42. $18⋅\frac{5}{6}(15h+24)$

43. $r(s−18)$

Answer: $rs−18r$

44. $u(v−10)$

45. $(y+4)p$

Answer: $yp+4p$

46. $(a+7)x$

47. $−7(4p+1)$

Answer: $−28p−7$

48. $−9(9a+4)$

49. $−3(x−6)$

Answer: $−3x+18$

50. $−4(q−7)$

51. $−(3x−7)$

Answer: $−3x+7$

52. $−(5p−4)$

53. $16−3(y+8)$

Answer: $−3y−8$

54. $18−4(x+2)$

55. $4−11(3c−2)$

Answer: $−33c+26$

56. $9−6(7n−5)$

57. $22−(a+3)$

Answer: $−a+19$

58. $8−(r−7)$

59. $(5m−3)−(m+7)$

Answer: $4m−10$

60. $(4y−1)−(y−2)$

61. $9(8x−3)−(−2)$

Answer: $72x−25$

62. $4(6x−1)−(−8)$

63. $5(2n+9)+12(n−3)$

Answer: $22n+9$

64. $9(5u+8)+2(u−6)$

65. $14(c−1)−8(c−6)$

Answer: $6c+34$

66. $11(n−7)−5(n−1)$

67. $6(7y+8)−(30y−15)$

Answer: $12y+63$

68. $7(3n+9)−(4n−13)$

Writing Exercises

69. In your own words, state the Associative Property of addition.

Answer: Answers will vary.

70. What is the difference between the additive inverse and the multiplicative inverse of a number

71. Simplify $8(x−\frac{1}{4})$ using the Distributive Property and explain each step.

Answer: Answers will vary.

72. Explain how you can multiply $4($5.97)$ without paper or calculator by thinking of $$5.97$ as $6−0.03$ and then using the Distributive Property.

Self Check

a. After completing the exercises, use this checklist to evaluate your mastery of the objectives of this section.

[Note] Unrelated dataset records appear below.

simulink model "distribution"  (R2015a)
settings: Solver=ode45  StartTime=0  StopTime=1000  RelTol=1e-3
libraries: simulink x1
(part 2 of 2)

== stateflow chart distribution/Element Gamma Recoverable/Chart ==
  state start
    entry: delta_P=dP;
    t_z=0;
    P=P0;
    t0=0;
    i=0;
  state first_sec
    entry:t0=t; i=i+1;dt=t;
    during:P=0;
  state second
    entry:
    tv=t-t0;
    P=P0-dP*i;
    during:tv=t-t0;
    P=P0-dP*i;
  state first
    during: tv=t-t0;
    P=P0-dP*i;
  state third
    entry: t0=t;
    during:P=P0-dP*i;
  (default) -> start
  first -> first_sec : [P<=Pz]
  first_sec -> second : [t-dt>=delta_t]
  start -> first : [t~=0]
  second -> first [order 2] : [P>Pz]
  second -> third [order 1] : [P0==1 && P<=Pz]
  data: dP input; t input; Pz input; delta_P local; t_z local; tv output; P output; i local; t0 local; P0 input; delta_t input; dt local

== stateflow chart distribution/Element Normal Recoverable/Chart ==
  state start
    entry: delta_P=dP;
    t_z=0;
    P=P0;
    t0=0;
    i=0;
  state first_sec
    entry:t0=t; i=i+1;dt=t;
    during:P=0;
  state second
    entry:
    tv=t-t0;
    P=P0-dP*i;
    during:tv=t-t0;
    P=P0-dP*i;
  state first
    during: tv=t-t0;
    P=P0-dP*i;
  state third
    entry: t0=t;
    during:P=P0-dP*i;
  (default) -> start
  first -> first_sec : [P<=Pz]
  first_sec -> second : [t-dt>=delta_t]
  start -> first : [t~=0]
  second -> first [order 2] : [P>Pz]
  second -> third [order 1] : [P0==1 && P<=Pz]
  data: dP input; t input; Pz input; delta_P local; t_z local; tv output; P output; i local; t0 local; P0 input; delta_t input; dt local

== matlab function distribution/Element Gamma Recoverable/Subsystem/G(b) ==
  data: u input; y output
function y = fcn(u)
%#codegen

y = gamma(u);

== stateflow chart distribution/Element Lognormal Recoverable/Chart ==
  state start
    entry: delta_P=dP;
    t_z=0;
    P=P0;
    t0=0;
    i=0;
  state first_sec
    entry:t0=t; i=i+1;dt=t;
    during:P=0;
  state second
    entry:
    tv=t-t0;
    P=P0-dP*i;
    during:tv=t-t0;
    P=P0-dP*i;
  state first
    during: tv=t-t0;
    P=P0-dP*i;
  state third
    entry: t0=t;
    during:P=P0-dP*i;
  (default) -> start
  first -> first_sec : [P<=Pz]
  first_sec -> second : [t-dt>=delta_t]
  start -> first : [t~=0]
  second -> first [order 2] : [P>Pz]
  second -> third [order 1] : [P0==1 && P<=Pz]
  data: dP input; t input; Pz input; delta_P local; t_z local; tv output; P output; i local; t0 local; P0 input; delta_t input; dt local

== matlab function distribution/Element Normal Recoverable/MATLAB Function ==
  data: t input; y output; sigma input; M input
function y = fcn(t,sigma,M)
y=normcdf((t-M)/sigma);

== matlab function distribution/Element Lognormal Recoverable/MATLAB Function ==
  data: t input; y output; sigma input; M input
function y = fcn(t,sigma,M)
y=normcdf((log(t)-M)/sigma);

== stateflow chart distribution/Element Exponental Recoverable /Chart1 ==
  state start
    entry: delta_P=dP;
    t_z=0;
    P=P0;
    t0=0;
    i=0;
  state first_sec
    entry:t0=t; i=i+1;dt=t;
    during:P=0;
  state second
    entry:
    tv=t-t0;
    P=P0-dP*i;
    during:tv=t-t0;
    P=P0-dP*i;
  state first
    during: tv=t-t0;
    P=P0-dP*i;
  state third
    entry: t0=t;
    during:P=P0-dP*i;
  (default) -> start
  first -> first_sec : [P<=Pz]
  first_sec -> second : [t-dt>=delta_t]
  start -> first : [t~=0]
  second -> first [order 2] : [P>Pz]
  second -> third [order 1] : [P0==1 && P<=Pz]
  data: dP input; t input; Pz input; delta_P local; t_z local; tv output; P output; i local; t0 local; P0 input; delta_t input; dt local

$This table has 4 columns, 3 rows and a header row. The header row labels each column I can, confidently, with some help and no, I don’t get it. The first column has the following statements: use the commutative and associative properties, use the properties of identity, inverse and zero, simplify expressions using the Distributive Property. The remaining columns are blank.$

b. After reviewing this checklist, what will you do to become confident for all objectives?